Of the entries below, restate word for word only the section that runs from the line with "line L8 (-24.5921, 38.8909)" to the line with "line L13 (31.8909, 45.9909)", counting both ends.

*** Records shown Section Begins ***

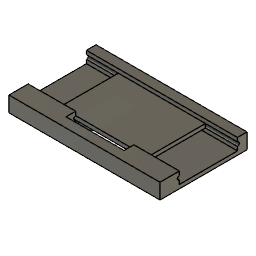
reaction wheel pendulum (Autodesk Fusion 360 archive; units mm, degrees)
design "computer stand"
Autodesk Fusion 360 part; units mm, degrees
(part 1 of 2)
sketch "スケッチ1" plane through (0, 0, 0) normal (0, 0, 1) x (1, 0, 0)
  line L0 (0, 0) -> (-50, 0)
  line L1 (-50, 0) -> (-50, -35)
  line L2 (-50, -35) -> (0, -35)
  line L3 (0, -35) -> (0, 0)
  line L4 (-65, 5) -> (15, 5)
  line L5 (15, 5) -> (15, -40)
  line L6 (15, -40) -> (-65, -40)
  line L7 (-65, -40) -> (-65, 5)
  constraint horizontal L0
  constraint vertical L1
  constraint horizontal L2
  constraint vertical L3
  constraint coincident L0.start L3.end
  constraint horizontal L4
  constraint vertical L5
  constraint horizontal L6
  constraint vertical L7
extrude "押し出し1" add sketch "スケッチ1" against normal blind 5 contours L0 L1 L2 L3 makes body 1
extrude "押し出し2" add sketch "スケッチ1" along normal blind 5 contours L0 L1 L2 L3 | L4 L5 L6 L7 bodies 1
sketch "スケッチ2" plane through (0, 0, 5) normal (0, 0, 1) x (-1, 0, 0)
  line L0 (65, 40) -> (-15, 40)
  line L1 (-15, 40) -> (-15, -5)
  line L2 (-15, -5) -> (65, -5)
  line L3 (65, -5) -> (65, 40)
  line L4 (-15, 0) -> (65, 0)
  line L5 (65, 0) -> (65, 30)
  line L6 (65, 30) -> (-15, 30)
  line L7 (-15, 30) -> (-15, 0)
  constraint horizontal L4
  constraint vertical L5
  constraint horizontal L6
  constraint vertical L7
  constraint coincident L3 L5.end
  constraint coincident L1 L4.start
extrude "押し出し3" cut sketch "スケッチ2" against normal blind 3 contours L1 L3 L4 L5 L6 L7 bodies 1
sketch "スケッチ3" plane through (0, 0, -5) normal (0, 0, -1) x (1, 0, 0)
  line L0 (0, 0) -> (0, 35)
  line L1 (0, 35) -> (-50, 35)
  line L2 (-50, 35) -> (-50, 0)
  line L3 (-50, 0) -> (0, 0)
  line L4 (-10, 0) -> (-40, 0)
  line L5 (-40, 0) -> (-40, 35)
  line L6 (-40, 35) -> (-10, 35)
  line L7 (-10, 35) -> (-10, 0)
  constraint horizontal L4
  constraint vertical L5
  constraint horizontal L6
  constraint vertical L7
  constraint coincident L1 L5.end
  constraint coincident L3 L4.start
extrude "押し出し4" cut sketch "スケッチ3" against normal blind 10 contours L1 L3 L4 L5 L6 L7 bodies 1
extrude "押し出し5" add 2 faces at (-38.3333, 3.3333, 5) (-56.6667, -35, 5) along direction (0, 0, 1) blind 3 on bodies 1 bodies 1
sketch "スケッチ4" plane through (-65, 0, 0) normal (-1, 0, 0) x (0, -1, 0)
  line L0 (0, 2) -> (0, 8)
  line L1 (0, 8) -> (-5, 8)
  line L2 (-5, 8) -> (-5, 0)
  line L3 (-5, 0) -> (40, 0)
  line L4 (40, 0) -> (40, 8)
  line L5 (40, 8) -> (30, 8)
  line L6 (30, 8) -> (30, 2)
  line L7 (30, 2) -> (0, 2)
  line L8 (0, 5) -> (30, 5)
  line L9 (0, 4) -> (30, 4)
  arc A0 (30, 4) -> (30, 6) centre (30, 5) ccw
  line L10 (30, 6) -> (0, 6)
  arc A1 (0, 6) -> (0, 4) centre (0, 5) ccw
  line L11 (0, 5) -> (30, 5) construction
  constraint midpoint L0 L8.start
  constraint midpoint L6 L8.end
  constraint tangent L9 A0
  constraint tangent A0 L10
  constraint parallel L9 L10
  constraint tangent L10 A1
  constraint tangent L9 A1
  constraint coincident L8.end A0.centre
  constraint perpendicular L6 L11
  constraint coincident L8.start A1.centre
extrude "押し出し6" cut sketch "スケッチ4" against normal blind 80 contours L0 A1 | L6 A0 bodies 1
sketch "スケッチ5" plane through (0, 0, -5) normal (0, 0, -1) x (1, 0, 0)
  line L0 (-40, 0) -> (-40, 35)
  line L1 (-40, 35) -> (-50, 35)
  line L2 (-50, 35) -> (-50, 0)
  line L3 (-50, 0) -> (-40, 0)
extrude "押し出し7" cut 1 faces at (-65, -36.9916, 4.2592) along direction (1, 0, 0) blind 1 on bodies 1 bodies 1
extrude "押し出し8" cut 1 faces at (-64, -36.9916, 4.2592) along direction (1, 0, 0) blind 1 on bodies 1 bodies 1
extrude "押し出し9" cut 1 faces at (15, -36.9916, 4.2592) along direction (-1, 0, 0) blind 1 on bodies 1 bodies 1
extrude "押し出し10" add 1 faces at (-63, -36.9916, 4.2592) along direction (-1, 0, 0) blind 0.5 on bodies 1 bodies 1
extrude "押し出し11" cut 1 faces at (14, -36.9916, 4.2592) along direction (-1, 0, 0) blind 0.5 on bodies 1 bodies 1
extrude "押し出し12" cut 1 faces at (0, -23.3333, -3.3333) along direction (-1, 0, 0) blind 0.25 on bodies 1 bodies 1
extrude "押し出し13" cut 1 faces at (-50, -11.6667, -3.3333) along direction (1, 0, 0) blind 0.25 on bodies 1 bodies 1
extrude "押し出し14" add 1 faces at (-63.5, -36.9916, 4.2592) along direction (-1, 0, 0) blind 1 on bodies 1 bodies 1
sketch "スケッチ6" plane through (-64.5, 0, 0) normal (-1, 0, 0) x (0, -1, 0)
  arc A0 (0, 6) -> (0, 4) centre (0, 5) ccw
  line L0 (0, 6) -> (0, 8)
  line L1 (0, 8) -> (-5, 8)
  line L2 (-5, 8) -> (-5, 0)
  line L3 (-5, 0) -> (40, 0)
  line L4 (40, 0) -> (40, 8)
  line L5 (40, 8) -> (30, 8)
  line L6 (30, 8) -> (30, 6)
  arc A1 (30, 4) -> (30, 6) centre (30, 5) ccw
  line L7 (30, 4) -> (30, 2)
  line L8 (30, 2) -> (0, 2)
  line L9 (0, 2) -> (0, 4)
  line L10 (0, 6) -> (30, 6)
  line L11 (30, 6) -> (30, 4)
  line L12 (30, 4) -> (0, 4)
  line L13 (0, 4) -> (0, 6)
  line L14 (0, 6) -> (30, 4) construction
  line L15 (30, 6) -> (0, 4) construction
  point P0 (15, 5)
  constraint horizontal L10
  constraint perpendicular L10 L11
  constraint parallel L10 L12
  constraint parallel L11 L13
  constraint coincident L14 P0
  constraint coincident L15 P0
  constraint coincident A0.start L0.start
  constraint coincident A1.start L7.start
extrude "押し出し15" add sketch "スケッチ6" against normal blind 78 separate body contours L10 L11 L12 L13 makes body 2
sketch "スケッチ7" plane through (0, 0, 6) normal (0, 0, 1) x (-1, 0, 0)
  line L0 (64.5, 0) -> (64.5, 30)
  line L1 (64.5, 30) -> (-13.5, 30)
  line L2 (-13.5, 30) -> (-13.5, 0)
  line L3 (-13.5, 0) -> (64.5, 0)
  line L4 (3, 30) -> (48, 30)
  line L5 (48, 30) -> (48, 0)
  line L6 (48, 0) -> (3, 0)
  line L7 (3, 0) -> (3, 30)
  line L8 (3, 30) -> (48, 0) construction
  line L9 (48, 30) -> (3, 0) construction
  point P0 (25.5, 15)
  dimension "d31" = 39
  dimension "d32" = 45
  constraint horizontal L4
  constraint perpendicular L4 L5
  constraint parallel L4 L6
  constraint parallel L5 L7
  constraint coincident L8 P0
  constraint coincident L9 P0
  constraint coincident L1 L4.start
  constraint coincident L3 L6.end
  measures "d31" distance of L2 P0
  measures "d32" distance of L4.start L4.end
extrude "押し出し16" cut sketch "スケッチ7" against normal blind 2 contours L0 L1 L3 L5 | L1 L2 L3 L7 bodies 2

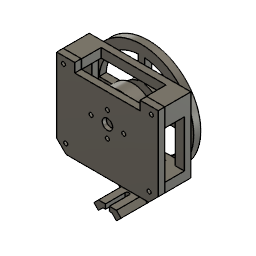
design "モータ取り付け台"
Autodesk Fusion 360 part; units mm, degrees
sketch "スケッチ1" plane through (0, 0, 0) normal (0, 0, 1) x (1, 0, 0)
  line L0 (-38.8909, 38.8909) -> (0, 0)
  line L1 (0, 0) -> (38.8909, 38.8909)
  line L2 (38.8909, 38.8909) -> (-38.8909, 38.8909) construction
  line L3 (0, 38.8909) -> (0, 0) construction
  line L4 (-24.5921, 31.6632) -> (-3.3789, 10.45)
  line L5 (-3.3789, 10.45) -> (3.3789, 10.45)
  line L6 (3.3789, 10.45) -> (24.5921, 31.6632)
  line L7 (24.5921, 31.6632) -> (24.5921, 38.8909)
  line L8 (-24.5921, 38.8909) -> (-24.5921, 31.6632)
  line L9 (-24.5921, 38.8909) -> (24.5921, 38.8909)
  line L10 (-38.8909, 38.8909) -> (-38.8909, 45.9909)
  line L11 (-31.8909, 45.9909) -> (31.8909, 45.9909)
  line L12 (38.8909, 45.9909) -> (38.8909, 38.8909)
  line L13 (31.8909, 45.9909) -> (-31.8909, 45.9909)
  line L14 (-38.8909, 45.9909) -> (-38.8909, 95.9909)
  line L15 (-38.8909, 95.9909) -> (38.8909, 95.9909)
  line L16 (38.8909, 95.9909) -> (38.8909, 45.9909)
  line L17 (38.8909, 45.9909) -> (-38.8909, 95.9909) construction
  line L18 (-38.8909, 45.9909) -> (38.8909, 95.9909) construction
  line L19 (-31.8909, 45.9909) -> (-31.8909, 81.9198)
  line L20 (-24.8198, 88.9909) -> (24.8198, 88.9909)
  line L21 (31.8909, 81.9198) -> (31.8909, 45.9909)
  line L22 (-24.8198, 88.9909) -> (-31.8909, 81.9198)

*** Records shown Section Ends ***

(Task answer):
  line L8 (-24.5921, 38.8909) -> (-24.5921, 31.6632)
  line L9 (-24.5921, 38.8909) -> (24.5921, 38.8909)
  line L10 (-38.8909, 38.8909) -> (-38.8909, 45.9909)
  line L11 (-31.8909, 45.9909) -> (31.8909, 45.9909)
  line L12 (38.8909, 45.9909) -> (38.8909, 38.8909)
  line L13 (31.8909, 45.9909) -> (-31.8909, 45.9909)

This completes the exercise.